Все подходят ближе, не понимая, что говорит их весенний брат, я прижимаю Илью к себе, хотя причинить новую боль они ему уже не могут.
– Больше десяти лет назад Февраль позвал меня в свой лес на рассвете, – начинает тараторить Март, и все замирают, переставая угрожающе придвигаться ближе. – Он нашёл тело маленького мальчика. Тот замёрз, уснув в зимней части леса. По оберегу на его шее братец понял, что мальчик мартовский, поэтому позвал меня, чтобы я позаботился о его теле как полагается.
Февраль кивает, соглашаясь, и я вспоминаю его рассказы, что он действительно так делает.
– Я тогда вынес ребёнка подальше, но тело его из-за холодов хорошо сохранилось, и пришла мне идея, из-за которой и начались проблемы. Я решил спрятать в нём вторую часть души Февраля, поэтому он и казался живым, хотя на деле им не был, потому что умер больше десяти лет назад. Вторая половина души Февраля не могла принять никакую форму, поэтому я нашёл ей подходящее тело.
Вероятно, все присутствующие, как и я, не могут осознать описанные события. Мы продолжаем молча смотреть на Март, ожидая более понятное объяснение. Мальчишка, заметив наше недоумение, разочарованно вздыхает и продолжает:
– Я вложил в мёртвое тело ребёнка часть души, намереваясь так спрятать её от осенних братьев, которые следили за мной всё это время, – пренебрежительно взмахивает он рукой в сторону Ноября и Октября. – Таким способом утаил украденную половину, потому что Февраль тогда недостаточно восстановился, чтобы с ней воссоединиться. Он полностью избавился от мёртвой воды лишь семь лет назад. Декабрь и Январь очистились быстрее, будучи запертыми среди живой воды.
Февраль вновь согласно кивает, а мы переводим взгляды то на него, то на Март.
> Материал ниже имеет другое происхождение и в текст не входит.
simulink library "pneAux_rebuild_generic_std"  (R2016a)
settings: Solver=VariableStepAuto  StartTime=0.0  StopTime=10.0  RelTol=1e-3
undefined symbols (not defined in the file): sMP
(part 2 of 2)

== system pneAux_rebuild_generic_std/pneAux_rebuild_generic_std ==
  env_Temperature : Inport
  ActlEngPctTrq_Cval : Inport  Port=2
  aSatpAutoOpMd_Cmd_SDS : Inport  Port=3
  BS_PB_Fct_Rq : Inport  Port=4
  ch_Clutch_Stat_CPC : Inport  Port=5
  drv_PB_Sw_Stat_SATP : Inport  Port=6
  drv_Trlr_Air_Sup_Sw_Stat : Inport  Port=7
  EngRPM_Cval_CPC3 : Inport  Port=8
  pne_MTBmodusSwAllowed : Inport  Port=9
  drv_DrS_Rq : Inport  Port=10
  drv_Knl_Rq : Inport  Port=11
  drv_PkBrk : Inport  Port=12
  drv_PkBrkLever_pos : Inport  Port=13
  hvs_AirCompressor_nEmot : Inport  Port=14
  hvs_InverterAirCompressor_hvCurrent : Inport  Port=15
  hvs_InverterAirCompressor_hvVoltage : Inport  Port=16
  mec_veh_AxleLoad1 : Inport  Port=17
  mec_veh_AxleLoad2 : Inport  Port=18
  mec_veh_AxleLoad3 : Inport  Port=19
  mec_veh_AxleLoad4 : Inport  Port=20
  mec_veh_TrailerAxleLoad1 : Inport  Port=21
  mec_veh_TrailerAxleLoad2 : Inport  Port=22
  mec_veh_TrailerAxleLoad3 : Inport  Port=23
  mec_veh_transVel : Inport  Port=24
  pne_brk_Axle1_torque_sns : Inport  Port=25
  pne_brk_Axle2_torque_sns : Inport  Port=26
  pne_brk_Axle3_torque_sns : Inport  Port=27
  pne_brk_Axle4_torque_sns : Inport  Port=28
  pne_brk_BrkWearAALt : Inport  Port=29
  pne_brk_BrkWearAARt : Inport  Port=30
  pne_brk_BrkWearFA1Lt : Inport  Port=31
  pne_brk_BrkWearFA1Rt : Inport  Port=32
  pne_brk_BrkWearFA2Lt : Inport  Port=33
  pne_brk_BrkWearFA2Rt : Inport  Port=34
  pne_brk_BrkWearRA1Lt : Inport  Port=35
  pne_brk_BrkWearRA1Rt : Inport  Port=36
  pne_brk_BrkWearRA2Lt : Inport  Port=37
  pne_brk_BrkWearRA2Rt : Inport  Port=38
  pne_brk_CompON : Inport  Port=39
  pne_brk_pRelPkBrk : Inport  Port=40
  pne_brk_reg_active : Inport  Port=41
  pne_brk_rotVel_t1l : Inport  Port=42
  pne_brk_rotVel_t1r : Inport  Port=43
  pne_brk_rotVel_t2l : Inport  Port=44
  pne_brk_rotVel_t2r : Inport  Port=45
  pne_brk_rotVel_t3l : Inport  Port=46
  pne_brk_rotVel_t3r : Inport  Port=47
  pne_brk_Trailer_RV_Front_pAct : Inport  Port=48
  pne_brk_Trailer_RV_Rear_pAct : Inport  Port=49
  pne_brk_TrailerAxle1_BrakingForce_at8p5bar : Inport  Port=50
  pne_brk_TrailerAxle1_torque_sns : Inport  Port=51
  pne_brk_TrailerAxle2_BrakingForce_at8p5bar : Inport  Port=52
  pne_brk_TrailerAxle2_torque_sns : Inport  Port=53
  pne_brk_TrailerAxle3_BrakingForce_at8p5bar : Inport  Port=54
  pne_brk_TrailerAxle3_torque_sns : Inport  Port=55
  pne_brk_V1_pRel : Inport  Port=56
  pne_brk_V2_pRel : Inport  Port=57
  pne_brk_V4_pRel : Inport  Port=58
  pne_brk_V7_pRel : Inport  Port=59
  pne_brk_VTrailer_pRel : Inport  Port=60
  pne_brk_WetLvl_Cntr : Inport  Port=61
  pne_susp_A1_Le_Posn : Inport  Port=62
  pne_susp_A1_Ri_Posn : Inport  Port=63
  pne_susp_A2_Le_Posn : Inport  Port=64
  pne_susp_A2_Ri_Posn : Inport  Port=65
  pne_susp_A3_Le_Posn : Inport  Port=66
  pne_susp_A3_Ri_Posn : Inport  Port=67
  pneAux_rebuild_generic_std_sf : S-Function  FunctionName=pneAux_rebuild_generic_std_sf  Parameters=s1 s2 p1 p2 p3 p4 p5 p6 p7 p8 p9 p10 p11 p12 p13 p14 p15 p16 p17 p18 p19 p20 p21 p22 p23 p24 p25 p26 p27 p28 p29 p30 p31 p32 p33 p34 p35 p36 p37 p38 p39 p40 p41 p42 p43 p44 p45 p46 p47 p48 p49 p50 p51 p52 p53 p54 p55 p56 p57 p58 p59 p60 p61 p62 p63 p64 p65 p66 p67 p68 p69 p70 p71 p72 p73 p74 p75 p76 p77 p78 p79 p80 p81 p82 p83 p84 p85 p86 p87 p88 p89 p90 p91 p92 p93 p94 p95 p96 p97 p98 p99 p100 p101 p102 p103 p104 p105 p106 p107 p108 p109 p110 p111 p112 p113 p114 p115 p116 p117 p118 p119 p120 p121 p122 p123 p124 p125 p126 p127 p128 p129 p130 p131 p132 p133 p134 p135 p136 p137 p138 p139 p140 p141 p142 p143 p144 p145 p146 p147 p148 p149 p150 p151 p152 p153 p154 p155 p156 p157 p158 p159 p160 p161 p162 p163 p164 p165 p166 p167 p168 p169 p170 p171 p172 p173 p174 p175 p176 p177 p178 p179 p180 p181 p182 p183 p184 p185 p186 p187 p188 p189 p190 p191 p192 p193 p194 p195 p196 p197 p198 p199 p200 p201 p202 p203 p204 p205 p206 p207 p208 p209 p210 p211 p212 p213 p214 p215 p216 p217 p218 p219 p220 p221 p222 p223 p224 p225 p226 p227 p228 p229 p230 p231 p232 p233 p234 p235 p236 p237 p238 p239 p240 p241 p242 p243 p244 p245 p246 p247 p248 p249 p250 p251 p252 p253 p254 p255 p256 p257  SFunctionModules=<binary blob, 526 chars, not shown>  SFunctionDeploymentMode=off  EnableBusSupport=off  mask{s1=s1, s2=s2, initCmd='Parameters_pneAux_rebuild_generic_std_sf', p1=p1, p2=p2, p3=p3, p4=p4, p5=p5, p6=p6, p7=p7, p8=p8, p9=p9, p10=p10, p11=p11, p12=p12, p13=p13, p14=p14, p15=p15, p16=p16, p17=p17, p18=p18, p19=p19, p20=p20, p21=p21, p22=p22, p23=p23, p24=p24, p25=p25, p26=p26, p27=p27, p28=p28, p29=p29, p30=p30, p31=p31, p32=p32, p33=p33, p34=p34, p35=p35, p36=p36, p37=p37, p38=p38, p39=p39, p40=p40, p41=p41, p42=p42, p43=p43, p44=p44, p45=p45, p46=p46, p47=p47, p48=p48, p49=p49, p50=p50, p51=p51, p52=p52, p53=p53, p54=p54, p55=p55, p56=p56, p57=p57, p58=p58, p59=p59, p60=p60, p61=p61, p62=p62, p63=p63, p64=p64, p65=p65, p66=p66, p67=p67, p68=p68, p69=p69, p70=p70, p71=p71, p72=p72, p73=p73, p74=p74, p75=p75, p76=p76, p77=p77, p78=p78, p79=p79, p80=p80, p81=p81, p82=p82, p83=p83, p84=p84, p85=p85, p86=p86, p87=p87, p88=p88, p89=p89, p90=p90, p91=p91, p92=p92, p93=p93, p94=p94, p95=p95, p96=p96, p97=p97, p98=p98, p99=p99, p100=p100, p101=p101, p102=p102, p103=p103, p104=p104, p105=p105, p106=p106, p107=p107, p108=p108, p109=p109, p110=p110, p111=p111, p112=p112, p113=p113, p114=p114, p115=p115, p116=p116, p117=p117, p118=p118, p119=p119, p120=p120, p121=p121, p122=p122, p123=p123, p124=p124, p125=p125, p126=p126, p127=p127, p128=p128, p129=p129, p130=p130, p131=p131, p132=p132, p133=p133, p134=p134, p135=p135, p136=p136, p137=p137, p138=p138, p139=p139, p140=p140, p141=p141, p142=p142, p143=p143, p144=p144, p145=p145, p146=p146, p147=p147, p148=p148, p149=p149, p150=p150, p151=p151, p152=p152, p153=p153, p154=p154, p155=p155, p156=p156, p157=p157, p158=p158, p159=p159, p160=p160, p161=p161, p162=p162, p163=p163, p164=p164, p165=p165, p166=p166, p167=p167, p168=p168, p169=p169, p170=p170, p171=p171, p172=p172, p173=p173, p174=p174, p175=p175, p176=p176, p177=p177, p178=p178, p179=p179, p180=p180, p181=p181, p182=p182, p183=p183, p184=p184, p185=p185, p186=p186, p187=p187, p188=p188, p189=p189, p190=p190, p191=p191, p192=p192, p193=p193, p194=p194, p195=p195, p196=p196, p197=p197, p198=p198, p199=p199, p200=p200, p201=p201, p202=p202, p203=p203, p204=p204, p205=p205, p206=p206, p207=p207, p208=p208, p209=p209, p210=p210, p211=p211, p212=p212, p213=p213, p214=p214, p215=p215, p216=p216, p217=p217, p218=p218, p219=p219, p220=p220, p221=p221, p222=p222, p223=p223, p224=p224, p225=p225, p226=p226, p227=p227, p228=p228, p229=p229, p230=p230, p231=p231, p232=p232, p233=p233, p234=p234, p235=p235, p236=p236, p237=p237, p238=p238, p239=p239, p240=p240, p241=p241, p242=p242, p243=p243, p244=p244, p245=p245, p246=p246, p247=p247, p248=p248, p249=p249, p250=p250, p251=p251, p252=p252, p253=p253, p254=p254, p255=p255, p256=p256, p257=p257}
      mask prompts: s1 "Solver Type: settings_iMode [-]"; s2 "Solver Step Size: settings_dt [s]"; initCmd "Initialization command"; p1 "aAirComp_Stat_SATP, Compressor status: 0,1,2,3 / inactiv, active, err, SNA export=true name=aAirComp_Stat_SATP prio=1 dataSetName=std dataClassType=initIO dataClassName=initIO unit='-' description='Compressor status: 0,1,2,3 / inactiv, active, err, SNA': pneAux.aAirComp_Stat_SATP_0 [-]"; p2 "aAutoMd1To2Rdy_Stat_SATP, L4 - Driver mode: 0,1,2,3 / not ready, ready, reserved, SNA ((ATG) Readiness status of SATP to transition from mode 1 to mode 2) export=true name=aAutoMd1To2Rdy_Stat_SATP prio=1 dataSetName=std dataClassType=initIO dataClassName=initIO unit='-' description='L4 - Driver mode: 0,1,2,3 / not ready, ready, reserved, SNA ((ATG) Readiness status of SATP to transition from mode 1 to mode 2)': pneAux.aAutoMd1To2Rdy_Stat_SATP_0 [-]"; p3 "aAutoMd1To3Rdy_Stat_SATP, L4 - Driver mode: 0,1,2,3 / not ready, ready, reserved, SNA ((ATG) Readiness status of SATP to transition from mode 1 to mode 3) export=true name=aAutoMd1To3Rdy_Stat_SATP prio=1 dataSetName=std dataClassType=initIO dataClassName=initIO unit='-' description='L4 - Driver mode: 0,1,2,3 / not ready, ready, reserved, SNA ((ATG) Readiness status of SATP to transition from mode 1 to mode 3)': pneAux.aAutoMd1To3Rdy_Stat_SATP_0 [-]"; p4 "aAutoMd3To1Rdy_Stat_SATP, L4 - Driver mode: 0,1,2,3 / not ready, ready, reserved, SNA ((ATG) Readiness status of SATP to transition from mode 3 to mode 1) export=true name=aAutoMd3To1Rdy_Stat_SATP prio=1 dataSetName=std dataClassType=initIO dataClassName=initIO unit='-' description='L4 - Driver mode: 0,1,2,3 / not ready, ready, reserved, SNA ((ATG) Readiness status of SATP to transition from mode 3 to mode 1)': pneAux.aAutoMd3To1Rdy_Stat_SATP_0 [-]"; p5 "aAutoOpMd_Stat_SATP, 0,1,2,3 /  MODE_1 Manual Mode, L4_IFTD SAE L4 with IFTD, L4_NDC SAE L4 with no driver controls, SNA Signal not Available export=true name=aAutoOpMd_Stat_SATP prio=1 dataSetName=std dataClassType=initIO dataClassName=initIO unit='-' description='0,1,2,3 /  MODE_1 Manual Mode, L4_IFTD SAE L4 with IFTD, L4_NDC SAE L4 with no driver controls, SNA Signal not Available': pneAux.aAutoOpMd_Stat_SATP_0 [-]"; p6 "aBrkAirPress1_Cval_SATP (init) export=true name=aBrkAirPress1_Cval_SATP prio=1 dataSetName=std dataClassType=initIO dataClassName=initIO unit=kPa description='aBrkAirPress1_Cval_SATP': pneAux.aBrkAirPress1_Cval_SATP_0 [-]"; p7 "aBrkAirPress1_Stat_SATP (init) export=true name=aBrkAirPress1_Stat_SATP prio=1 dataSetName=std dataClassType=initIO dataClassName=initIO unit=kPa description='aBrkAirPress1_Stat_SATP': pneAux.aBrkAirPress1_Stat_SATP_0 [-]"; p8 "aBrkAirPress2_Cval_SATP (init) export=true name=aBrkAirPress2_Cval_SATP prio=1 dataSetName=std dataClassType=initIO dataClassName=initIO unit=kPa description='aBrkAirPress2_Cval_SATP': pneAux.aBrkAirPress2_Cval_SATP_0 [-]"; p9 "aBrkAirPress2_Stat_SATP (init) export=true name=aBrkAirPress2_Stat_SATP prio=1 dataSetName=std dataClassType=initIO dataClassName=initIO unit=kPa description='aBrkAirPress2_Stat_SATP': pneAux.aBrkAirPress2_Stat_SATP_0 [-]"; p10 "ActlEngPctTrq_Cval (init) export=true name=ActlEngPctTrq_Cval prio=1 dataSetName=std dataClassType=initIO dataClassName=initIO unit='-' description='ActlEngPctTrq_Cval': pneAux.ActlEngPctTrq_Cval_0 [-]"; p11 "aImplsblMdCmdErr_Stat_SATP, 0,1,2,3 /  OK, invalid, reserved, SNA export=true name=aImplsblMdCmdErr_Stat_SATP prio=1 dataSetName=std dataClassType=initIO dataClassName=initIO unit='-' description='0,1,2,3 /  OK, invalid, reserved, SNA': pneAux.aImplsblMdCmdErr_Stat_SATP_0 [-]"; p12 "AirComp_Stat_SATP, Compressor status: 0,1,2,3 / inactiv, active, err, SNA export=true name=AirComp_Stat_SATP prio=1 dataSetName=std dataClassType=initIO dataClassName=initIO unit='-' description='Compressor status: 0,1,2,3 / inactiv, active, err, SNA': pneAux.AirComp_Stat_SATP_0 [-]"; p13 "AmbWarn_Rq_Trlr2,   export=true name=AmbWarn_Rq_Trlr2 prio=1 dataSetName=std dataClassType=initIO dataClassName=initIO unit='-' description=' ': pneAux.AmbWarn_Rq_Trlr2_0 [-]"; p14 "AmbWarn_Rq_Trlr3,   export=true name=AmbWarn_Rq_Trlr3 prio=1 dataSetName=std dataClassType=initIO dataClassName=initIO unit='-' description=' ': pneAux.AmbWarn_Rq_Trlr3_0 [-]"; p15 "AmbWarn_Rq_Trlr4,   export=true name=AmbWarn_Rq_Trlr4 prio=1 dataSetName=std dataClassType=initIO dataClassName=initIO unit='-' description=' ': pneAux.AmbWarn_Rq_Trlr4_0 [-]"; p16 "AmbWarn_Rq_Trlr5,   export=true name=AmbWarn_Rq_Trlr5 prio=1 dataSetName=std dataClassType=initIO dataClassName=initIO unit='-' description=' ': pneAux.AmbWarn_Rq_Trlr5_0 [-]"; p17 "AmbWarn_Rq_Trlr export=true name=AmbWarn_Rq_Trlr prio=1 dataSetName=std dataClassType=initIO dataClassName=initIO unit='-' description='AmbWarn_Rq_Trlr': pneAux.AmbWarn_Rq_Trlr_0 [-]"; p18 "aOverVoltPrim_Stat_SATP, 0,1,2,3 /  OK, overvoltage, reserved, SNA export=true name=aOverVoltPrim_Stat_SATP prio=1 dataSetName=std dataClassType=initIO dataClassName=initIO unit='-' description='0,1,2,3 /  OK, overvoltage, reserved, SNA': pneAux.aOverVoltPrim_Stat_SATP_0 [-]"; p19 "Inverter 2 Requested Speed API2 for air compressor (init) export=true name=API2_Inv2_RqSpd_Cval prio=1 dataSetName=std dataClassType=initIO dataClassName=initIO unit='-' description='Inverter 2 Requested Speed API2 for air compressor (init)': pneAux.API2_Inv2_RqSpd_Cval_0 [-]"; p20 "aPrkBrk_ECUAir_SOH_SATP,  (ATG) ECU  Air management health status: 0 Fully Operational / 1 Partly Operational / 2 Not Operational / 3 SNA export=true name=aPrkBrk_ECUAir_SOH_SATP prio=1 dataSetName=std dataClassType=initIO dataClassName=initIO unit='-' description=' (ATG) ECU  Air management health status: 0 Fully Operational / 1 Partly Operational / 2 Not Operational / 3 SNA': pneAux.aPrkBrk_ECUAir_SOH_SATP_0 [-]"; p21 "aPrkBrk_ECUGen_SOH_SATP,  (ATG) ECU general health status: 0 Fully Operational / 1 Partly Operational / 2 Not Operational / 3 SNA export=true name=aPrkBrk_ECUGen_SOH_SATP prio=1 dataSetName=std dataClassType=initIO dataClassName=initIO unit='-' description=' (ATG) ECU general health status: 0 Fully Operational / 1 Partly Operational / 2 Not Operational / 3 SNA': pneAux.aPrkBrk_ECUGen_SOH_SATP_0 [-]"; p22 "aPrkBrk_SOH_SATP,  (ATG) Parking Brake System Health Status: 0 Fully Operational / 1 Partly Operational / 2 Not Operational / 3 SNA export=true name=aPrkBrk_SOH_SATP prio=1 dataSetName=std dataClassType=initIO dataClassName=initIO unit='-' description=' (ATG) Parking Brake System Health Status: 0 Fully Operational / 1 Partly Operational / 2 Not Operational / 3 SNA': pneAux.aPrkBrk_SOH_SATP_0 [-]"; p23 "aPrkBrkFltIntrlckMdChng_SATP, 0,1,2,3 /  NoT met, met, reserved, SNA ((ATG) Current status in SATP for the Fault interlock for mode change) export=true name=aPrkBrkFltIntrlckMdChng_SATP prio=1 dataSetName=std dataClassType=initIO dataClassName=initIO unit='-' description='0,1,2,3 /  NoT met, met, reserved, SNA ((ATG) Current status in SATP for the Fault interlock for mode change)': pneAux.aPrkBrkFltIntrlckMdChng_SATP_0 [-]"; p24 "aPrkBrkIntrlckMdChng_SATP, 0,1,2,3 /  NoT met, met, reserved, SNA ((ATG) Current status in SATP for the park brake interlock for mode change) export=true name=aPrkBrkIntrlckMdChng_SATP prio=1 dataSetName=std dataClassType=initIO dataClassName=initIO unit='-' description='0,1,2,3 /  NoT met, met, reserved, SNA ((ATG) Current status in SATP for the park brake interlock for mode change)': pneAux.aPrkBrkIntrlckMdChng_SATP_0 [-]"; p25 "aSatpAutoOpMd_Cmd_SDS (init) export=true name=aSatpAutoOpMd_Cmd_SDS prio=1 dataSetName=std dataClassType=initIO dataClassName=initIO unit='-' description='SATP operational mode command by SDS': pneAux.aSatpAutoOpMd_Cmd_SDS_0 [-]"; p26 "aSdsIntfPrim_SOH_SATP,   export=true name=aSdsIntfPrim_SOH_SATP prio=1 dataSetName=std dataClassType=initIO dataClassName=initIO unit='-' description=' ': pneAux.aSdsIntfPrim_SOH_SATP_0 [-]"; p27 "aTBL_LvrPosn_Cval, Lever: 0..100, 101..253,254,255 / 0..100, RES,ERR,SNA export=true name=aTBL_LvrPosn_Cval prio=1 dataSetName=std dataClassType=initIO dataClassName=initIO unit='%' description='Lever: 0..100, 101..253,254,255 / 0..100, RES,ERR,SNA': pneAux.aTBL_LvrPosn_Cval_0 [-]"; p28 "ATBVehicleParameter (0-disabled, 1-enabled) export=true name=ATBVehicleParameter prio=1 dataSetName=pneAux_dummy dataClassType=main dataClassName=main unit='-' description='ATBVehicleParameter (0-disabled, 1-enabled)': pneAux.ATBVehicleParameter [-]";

– Мальчик ожил. Его тело ещё хранило память, кем он был, но на самом деле жизнь ему придавала душа Февраля, она слилась с его памятью! А ребёнок этот прыткий оказался, я только душу в него вложил, оберег его зачаровал, чтобы никто из месяцев узнать не смог, отвернулся, а тот очнулся и дёру дал! Оберег я заговорил на славу. Так, что сам найти не смог! – хвастается Март и тут же получает подзатыльник от Января.
– О твоих умениях позже поговорим, – сухо бросает зимний месяц, и Март втягивает голову в плечи.
Весенний брат стыдливо краснеет, бубнит извинения и поворачивается к Февралю.
– Зачарован оберег так, что кроме меня никто снять его не может, но будучи испорченным Ноябрём – потерял силу, которая удерживала тело мальчика живым. Вот вода Декабря в этот раз и не помогла. Поэтому говорил я тебе, братец Февраль, что потерял место, куда твою душу спрятал. А ты, сестрица, друга не теряла, настоящий Илья был мёртв все эти годы, а дружила ты со второй половиной Февраля, – подытоживает довольный Март.
Февраль рядом со мной выглядит так, словно готов удавить мальца на месте, а я не могу и слова вымолвить, не понимая, не насмехается ли весенний месяц надо мной.
– Ладно я его не узнал, я был слеп, – угрожающе выдавливает Февраль. – Ты-то почему сразу не понял, как его увидел?!
– Из-за оберега его заговорённого! Если бы я раньше к нему прикоснулся, то узнал бы, но я его не трогал. Недавно грел его братец Апрель, а не я, – цокает языком светловолосый мальчишка, будто раздражён нашей недогадливостью. – А внешне… люди так странно вырастают, что сразу и не узнаешь.
– Слова словами, Март, но теперь докажи, – серьёзно говорит Декабрь.
– Конечно!
Мальчик тянет руки к Илье, ему требуется некоторое время, чтобы отцепить мои пальцы от тела друга. Март снимает и отдаёт мне испорченный оберег, а затем кладёт ладошки на грудь Ильи. Я до боли сжимаю украшение в кулаке, ощущая, как впиваются бусины в ладонь.
На мгновение перевожу растерянный взгляд на колдуна, он отвечает мне таким же, и я цепенею, осознав, почему его глаза показались мне знакомыми. А ведь цвет у них такой же. Вспоминаю, как испугалась в первый раз глаз Ильи. Подумала тогда, что такие, по слухам, должны быть у февральских детей.
Март поднимает ладони, и за ними из тела поднимается шар света, такого же бледно-жёлтого, какой я видела раньше при появлении Декабря и Января. Март притягивает шар к себе, защищает ладонями, хотя никто и не пытается его отобрать, а Илья распадается на ветер, воду и запах весны. Даже его одежда исчезает, а я вскрикиваю и в ужасе шарю руками по тому месту, где ещё недавно лежал мой друг.